But the juicy ones have theological significance. If more significant, even
simply compound words can generate debate, even words known outside the NT
('What did they mean in this context?'). Off the top of my head: Theopneustos
(a hapax) from 2 Tim 3:16 is the forceful example (forceful for evangelicals
at least). Authenteo in 1 Tim 2:12 is important in feminist theology.
Arsenokoitai in 1 Cor 6:9 is a crucial question in LGBT theology (a dis
legomenon, strictly, [oh hai 1 Tim, again], though I guess this post is
allowing those ;)

Tanakh hapax are more difficult because we don't have masses of other/earlier
Hebrew and Hebrew is less often based on compound morphemes.

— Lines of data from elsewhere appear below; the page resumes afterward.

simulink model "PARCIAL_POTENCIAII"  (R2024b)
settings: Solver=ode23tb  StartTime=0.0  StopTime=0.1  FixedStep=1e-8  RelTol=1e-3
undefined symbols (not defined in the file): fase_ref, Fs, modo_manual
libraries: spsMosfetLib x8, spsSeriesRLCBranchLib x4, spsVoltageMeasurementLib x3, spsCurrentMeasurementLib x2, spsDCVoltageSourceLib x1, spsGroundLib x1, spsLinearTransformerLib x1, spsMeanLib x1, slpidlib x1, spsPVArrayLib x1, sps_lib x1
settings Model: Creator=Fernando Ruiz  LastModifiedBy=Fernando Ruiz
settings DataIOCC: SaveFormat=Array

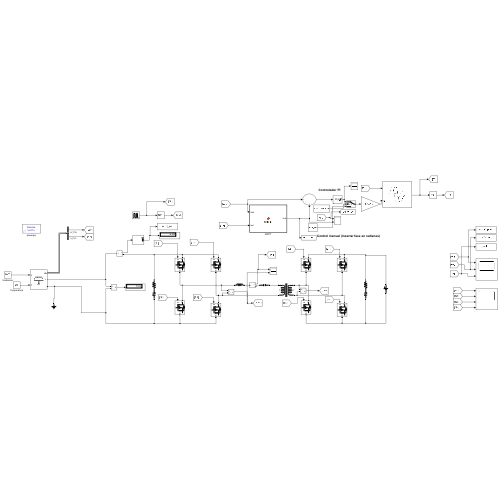
[thumbnail: Simulink's stored preview of the top-level diagram]
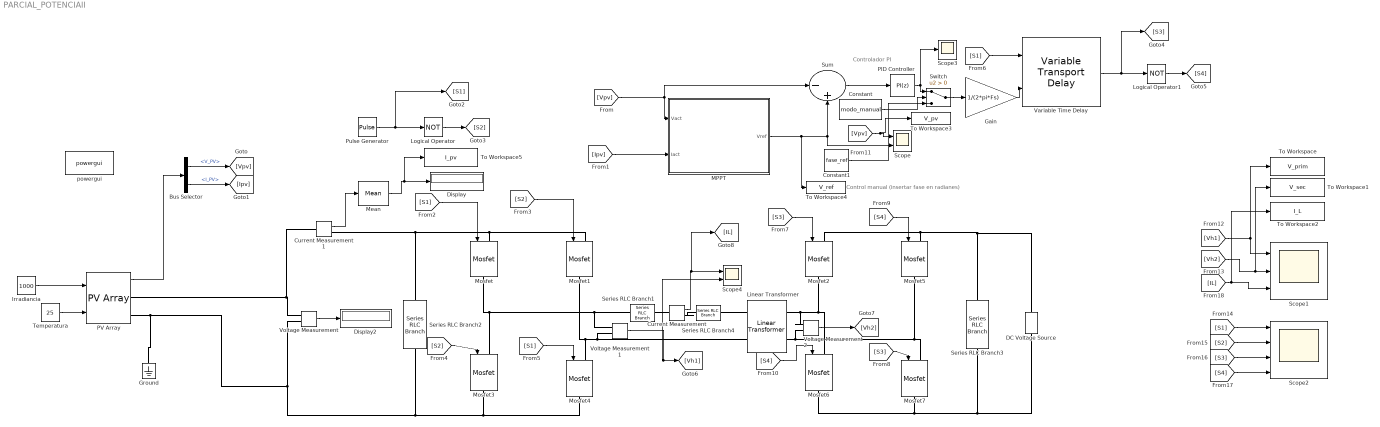
== system PARCIAL_POTENCIAII ==
  note: Controlador PI
  note: Control manual (insertar fase en radianes)
  Bus Selector : BusSelector  OutputSignals=V_PV,I_PV
  Constant : Constant  Value=modo_manual
  Constant1 : Constant  Value=fase_ref
  Current Measurement : spsCurrentMeasurementLib/Current Measurement  PhasorSimulation=off  OutputType=Complex  PSBequivalent=0
  Current Measurement1 : spsCurrentMeasurementLib/Current Measurement  PhasorSimulation=off  OutputType=Complex  PSBequivalent=0
  DC Voltage Source : spsDCVoltageSourceLib/DC Voltage Source  Amplitude=311  Measurements=None
  Display : Display
  Display2 : Display
  Gain : Gain  Gain=1/(2*pi*Fs)
  Ground : spsGroundLib/Ground  LConnTagsString=a
  Irradiancia : Constant  Value=1000
  Linear Transformer : spsLinearTransformerLib/Linear Transformer  UNITS=SI  NominalPower=[ 500 Fs ]  winding1=[61.3 1e-3 1e-6]  winding2=[311.13 1e-3 1e-6]  ThreeWindings=off  winding3=[3.15e+05 0.7938 0.00010107]  RmLm=[500 10]  Measurements=None  DataType=on
  Logical Operator : Logic  Operator=NOT  AllPortsSameDT=off  OutDataTypeStr=boolean
  Logical Operator1 : Logic  Operator=NOT  AllPortsSameDT=off  OutDataTypeStr=boolean
  MPPT : MATLAB Function  TreatAsAtomicUnit=on
  Mean : spsMeanLib/Mean  Freq=50000  Vinit=0  Ts=0
  Mosfet{,1..7} (8 alike) : spsMosfetLib/Mosfet  Ron=0.1  Lon=0  Rd=0.01  Vfd=0  IC=0  Rs=1e5  Cs=inf  Measurements=off
  PID Controller : slpidlib/PID Controller  Controller=PI  Form=Parallel  TimeDomain=Discrete-time  UseExternalTs=off  SampleTime=1e-7  IntegratorMethod=Trapezoidal  FilterMethod=Forward Euler  ControllerParametersSource=internal  P=-0.0621  I=-2778.019  UseKiTs=off  D=0  UseExternalDerivativeSource=off  N=100  UseFilter=on  TunerSelectOption=Transfer Function Based (PID Tuner App)  InitialConditionSource=internal  InitialConditionForIntegrator=0  InitialConditionForFilter=0  DifferentiatorICPrevScaledInput=0  ExternalReset=none  TrackingMode=off  Kt=1  LimitOutput=on  SatLimitsSource=internal  UpperSaturationLimit=pi/2  LowerSaturationLimit=0  LinearizeAsGain=on  AntiWindupMode=clamping  Kb=1  LimitIntegrator=off  UpperIntegratorSaturationLimit=inf  LowerIntegratorSaturationLimit=-inf  POutMin=[]  POutMax=[]  IOutMin=[]  IOutMax=[]  DOutMin=[]  DOutMax=[]  NOutMin=[]  NOutMax=[]  SumOutMin=[]  SumOutMax=[]  SaturationOutMin=[]  SaturationOutMax=[]  PParamMin=[]  PParamMax=[]  IParamMin=[]  IParamMax=[]  DParamMin=[]  DParamMax=[]  NParamMin=[]  NParamMax=[]  KbParamMin=[]  KbParamMax=[]  KtParamMin=[]  KtParamMax=[]  KbOutMin=[]  KbOutMax=[]  KtOutMin=[]  KtOutMax=[]  IntegratorOutMin=[]  IntegratorOutMax=[]  FilterOutMin=[]  FilterOutMax=[]  SumI1OutMin=[]  SumI1OutMax=[]  SumI2OutMin=[]  SumI2OutMax=[]  SumI3OutMin=[]  SumI3OutMax=[]  SumI4OutMin=[]  SumI4OutMax=[]  SumDOutMin=[]  SumDOutMax=[]  DifferentiatorOutMin=[]  DifferentiatorOutMax=[]  FilterDiffOutCoefMin=[]  FilterDiffOutCoefMax=[]  ReciprocalOutMin=[]  ReciprocalOutMax=[]  SumDenOutMin=[]  SumDenOutMax=[]  SumNumOutMin=[]  SumNumOutMax=[]  DivideOutMin=[]  DivideOutMax=[]  UdiffTsProdOutMin=[]  UdiffTsProdOutMax=[]  NTsProdOutMin=[]  NTsProdOutMax=[]  UintegralTsProdOutMin=[]  UintegralTsProdOutMax=[]  UngainTsProdOutMin=[]  UngainTsProdOutMax=[]  ClampingZeroOutDataTypeStr=Inherit: Inherit via back propagation  ClampingZeroOutMin=[]  ClampingZeroOutMax=[]  FilterDenConstantOutDataTypeStr=Inherit: Inherit via back propagation  FilterDenConstantOutMin=[]  FilterDenConstantOutMax=[]  PCopyOutDataTypeStr=Inherit: Inherit via back propagation  PCopyOutMin=[]  PCopyOutMax=[]  NCopyOutDataTypeStr=Inherit: Inherit via back propagation  NCopyOutMin=[]  NCopyOutMax=[]  IntegratorContinuousStateAttributes=''  IntegratorStateMustResolveToSignalObject=off  IntegratorRTWStateStorageClass=Auto  FilterContinuousStateAttributes=''  FilterStateMustResolveToSignalObject=off  FilterRTWStateStorageClass=Auto  ParallelPVariant=InternalParameters  IdealPVariant=Disabled  IVariant=InternalParameters  DVariant=Disabled  IntegratorVariant=Discrete  SatVariant=Enabled  AWVariant=DiscClampingParallel  PCopyVariant=Disabled  TRVariant=Disabled  FdbkBlocksVariant=Feedback  IdealPFdbkVariant=Passthrough  SatFdbkVariant=Passthrough  DerivativeFilterVariant=Disabled  NVariant=Disabled  NCopyVariant=Disabled_SignalSpec  FilterICVariant=Disabled  IntegratorICVariant=InternalICs  ExternalResetVariant=Disabled  TRSumVariant=Passthrough  SumFdbkVariant=Enabled  SumVariant=Sum_PI  TsampFilterVariant=InternalTs  TsampNgainVariant=Passthrough  TsampIntegralVariant=Disabled_SignalSpec  ExternalSaturationOutDataTypeStr=Inherit: Same as second input  DerivativeSourceVariant=Disabled  PreIntVariant=InternalPreInt
  PV Array : spsPVArrayLib/PV Array  Npar=1  Nser=1  PlotType=array @ 25 deg.C & specified irradiances  S_vec="[ 1000  500  100 ]"  Temp_C_vec="[ 45 25  ]"  ModuleName=User-defined  PlotWhenSelected=off  Pm=500.821  Ncell=72  Voc=75.6  Isc=8.74  Vm=61.3  Im=8.17  beta_Voc_pc=-0.35  alpha_Isc_pc=0.065  beta_Voc=-0.2646  alpha_Isc=0.005681  IL=8.7514  I0=2.0709e-10  nI=1.6716  Rsh=481.2094  Rs=0.62832  RobustModel=off  RobustCellTemperature=313.3991  BAL=on  Tc=1e-6  Tfilter=5e-5
  Pulse Generator : DiscretePulseGenerator  PulseType=Time based  Period=1/Fs  PulseWidth=50
  Scope : Scope  NumInputPorts=2
  Scope1 : Scope  NumInputPorts=3
  Scope2 : Scope  NumInputPorts=4
  Scope3 : Scope
  Scope4 : Scope  NumInputPorts=2
  Series RLC Branch1 : spsSeriesRLCBranchLib/Series RLC Branch  LConnTagsString=__new0  RConnTagsString=__new0  BranchType=L  Resistance=1  Inductance=85.32e-6  SetiL0=off  InitialCurrent=0  Capacitance=0.1436e-6  Setx0=off  InitialVoltage=0  Measurements=None
  Series RLC Branch2 : spsSeriesRLCBranchLib/Series RLC Branch  LConnTagsString=__new0  RConnTagsString=__new0  BranchType=RC  Resistance=1e-4  Inductance=1e-3  SetiL0=off  InitialCurrent=0  Capacitance=470e-6  Setx0=off  InitialVoltage=0  Measurements=None
  Series RLC Branch3 : spsSeriesRLCBranchLib/Series RLC Branch  LConnTagsString=__new0  RConnTagsString=__new0  BranchType=RC  Resistance=1e-4  Inductance=1e-3  SetiL0=off  InitialCurrent=0  Capacitance=470e-6  Setx0=off  InitialVoltage=0  Measurements=None
  Series RLC Branch4 : spsSeriesRLCBranchLib/Series RLC Branch  LConnTagsString=__new0  RConnTagsString=__new0  BranchType=C  Resistance=1  Inductance=85.32e-6  SetiL0=off  InitialCurrent=0  Capacitance=0.1436e-6  Setx0=off  InitialVoltage=0  Measurements=None
  Sum : Sum  Inputs=|-+
  Switch : Switch  Criteria=u2 > Threshold  SaturateOnIntegerOverflow=off  InputSameDT=off
  Temperatura : Constant  Value=25
  To Workspace : ToWorkspace  VariableName=V_prim  SaveFormat=Timeseries  SampleTime=-1
  To Workspace1 : ToWorkspace  VariableName=V_sec  SaveFormat=Timeseries  SampleTime=-1
  To Workspace2 : ToWorkspace  VariableName=I_L  SaveFormat=Timeseries  SampleTime=-1
  To Workspace3 : ToWorkspace  VariableName=V_pv  SaveFormat=Timeseries  SampleTime=-1
  To Workspace4 : ToWorkspace  VariableName=V_ref  SaveFormat=Timeseries  SampleTime=-1
  To Workspace5 : ToWorkspace  VariableName=I_pv  SaveFormat=Timeseries  SampleTime=-1
  Variable Time Delay : VariableTransportDelay  MaximumDelay=1e-4  ZeroDelay=on
  Voltage Measurement : spsVoltageMeasurementLib/Voltage Measurement  PhasorSimulation=off  OutputType=Complex  PSBequivalent=0
  Voltage Measurement1 : spsVoltageMeasurementLib/Voltage Measurement  PhasorSimulation=off  OutputType=Complex  PSBequivalent=0
  Voltage Measurement2 : spsVoltageMeasurementLib/Voltage Measurement  PhasorSimulation=off  OutputType=Complex  PSBequivalent=0
  powergui : sps_lib/powergui  Priority=1  SimulationMode=Discrete  SampleTime=1e-7  frequency=60  Iterations=50  frequencyindice=0  Pbase=100e6  ErrMax=1e-4  UnitsV=kV  UnitsW=MW  buscounter=0  FunctionMessages=off  echomessages=off  EnableUseOfTLC=off  CurrentSourceSwitches=off  DisableSnubberDevices=off  DisableRonSwitches=off  DisableVfSwitches=off  DisplayEquations=off  AutomaticDiscreteSolvers=off  SolverType=Tustin/Backward Euler (TBE)  Interpol=off  ExternalGateDelay=off  methode=off  Ts=100  x0status=blocks  SPID=on  SwTol=0  HookPort=off  NonlinearTolerance=1e-4  nMaxIteration=100  ContinueOnMaxIteration=off  RestoreLinks=warning  ResistiveCurrentMeasurement=off  Frange=[0:2:500]  Ylog=off  Xlog=on  ShowGrid=off  save=off  variable=ZData  structure=0  ZoomFFT=off  StartTime=0.0  cycles=1  DisplayStyle=1  fundamental=60  FreqAxis=off  MaxFrequency=1000  frequencyindicesteady=1  RmsSteady=1  display=off
  wires:
  PV Array/1 -> Bus Selector/1
  Voltage Measurement/1 -> Display2/1
  Irradiancia/1 -> PV Array/1
  Bus Selector/1 -> [Vpv]  "<V_PV>"
  Bus Selector/2 -> [Ipv]  "<I_PV>"
  [Vpv] -> Sum/1, MPPT/1(Vact)
  [Ipv] -> MPPT/2(Iact)
  Sum/1 -> PID Controller/1
  MPPT/1(Vref) -> To Workspace4/1, Sum/2, Scope/2
  Pulse Generator/1 -> [S1], Logical Operator/1
  Logical Operator/1 -> [S2]
  [S1] -> Mosfet/1
  [S2] -> Mosfet1/1
  [S2] -> Mosfet3/1
  [S1] -> Mosfet4/1
  PID Controller/1 -> Scope3/1, Switch/1
  Gain/1 -> Variable Time Delay/2
  [S1] -> Variable Time Delay/1
  Variable Time Delay/1 -> [S3], Logical Operator1/1
  Logical Operator1/1 -> [S4]
  [S3] -> Mosfet2/1
  [S3] -> Mosfet7/1
  [S4] -> Mosfet5/1
  [S4] -> Mosfet6/1
  [Vpv] -> To Workspace3/1, Scope/1
  Voltage Measurement1/1 -> [Vh1], Scope4/2
  Voltage Measurement2/1 -> [Vh2]
  [Vh1] -> To Workspace/1, Scope1/1
  [Vh2] -> To Workspace1/1, Scope1/2
  [S1] -> Scope2/1
  [S2] -> Scope2/2
  [S3] -> Scope2/3
  [S4] -> Scope2/4
  Temperatura/1 -> PV Array/2
  Switch/1 -> Gain/1
  Current Measurement/1 -> [IL], Scope4/1
  Current Measurement1/1 -> Mean/1
  Mean/1 -> To Workspace5/1, Display/1
  [IL] -> To Workspace2/1, Scope1/3
  Constant/1 -> Switch/2
  Constant1/1 -> Switch/3
  connections:
  Mosfet1/RConn1 -- Linear Transformer/LConn2 -- Voltage Measurement1/LConn2 -- Mosfet4/LConn1
  Mosfet3/LConn1 -- Series RLC Branch1/LConn1 -- Voltage Measurement1/LConn1 -- Mosfet/RConn1
  Mosfet1/LConn1 -- Current Measurement1/RConn1 -- Series RLC Branch2/LConn1 -- Mosfet/LConn1
  Series RLC Branch2/RConn1 -- PV Array/RConn2 -- Ground/LConn1 -- Voltage Measurement/LConn2 -- Mosfet4/RConn1 -- Mosfet3/RConn1
  Mosfet6/LConn1 -- Voltage Measurement2/LConn1 -- Linear Transformer/RConn1 -- Mosfet2/RConn1
  Mosfet7/RConn1 -- DC Voltage Source/LConn1 -- Series RLC Branch3/RConn1 -- Mosfet6/RConn1
  Mosfet5/LConn1 -- DC Voltage Source/RConn1 -- Series RLC Branch3/LConn1 -- Mosfet2/LConn1
  Mosfet5/RConn1 -- Voltage Measurement2/LConn2 -- Linear Transformer/RConn2 -- Mosfet7/LConn1
  Series RLC Branch4/RConn1 -- Linear Transformer/LConn1
  Current Measurement/LConn1 -- Series RLC Branch1/RConn1
  Current Measurement/RConn1 -- Series RLC Branch4/LConn1
  Current Measurement1/LConn1 -- PV Array/RConn1 -- Voltage Measurement/LConn1

== matlab function PARCIAL_POTENCIAII/MPPT ==
  settings: updateMethod=DISCRETE  sampleTime=0.01
  data: Vact input; Vref output; Iact input
function Vref = mppt_po(Vact, Iact)

    Vref_init = 0.83 * 61.3; 
    delta_V = 0.1; 
    persistent Vant Pant Vref_prev
    if isempty(Vant)
        Vant = 0;
        Pant = 0;
        Vref_prev = Vref_init;
    end
    Pact = Vact * Iact; 
    if (Pact - Pant) > 0 
        if (Vact - Vant) > 0
            Vref = Vref_prev + delta_V; 
        else
            Vref = Vref_prev - delta_V; 
        end
    else
        if (Vact - Vant) > 0 
            Vref = Vref_prev - delta_V; 
        else
            Vref = Vref_prev + delta_V; 
        end
    end
    Vref_prev = Vref;
    Vant = Vact;
    Pant = Pact;
end

So 'OT' hapax are
more widely known, imho.

------
9nGQluzmnq3M
As always, Chinese takes this to the next level, since there are historical
characters for which both meaning _and_ pronunciation have been lost.

A famous one is 篪, used exactly once in the Classic of Poetry (1000 BC), whose
meaning was unknown until another text surfaced describing it as a type of
flute.

[https://en.wikipedia.org/wiki/Hapax_legomenon#Chinese_and_Ja...](https://en.wikipedia.org/wiki/Hapax_legomenon#Chinese_and_Japanese_characters)

------
boreas
[https://www.youtube.com/watch?v=DEjQX8HVtG4](https://www.youtube.com/watch?v=DEjQX8HVtG4)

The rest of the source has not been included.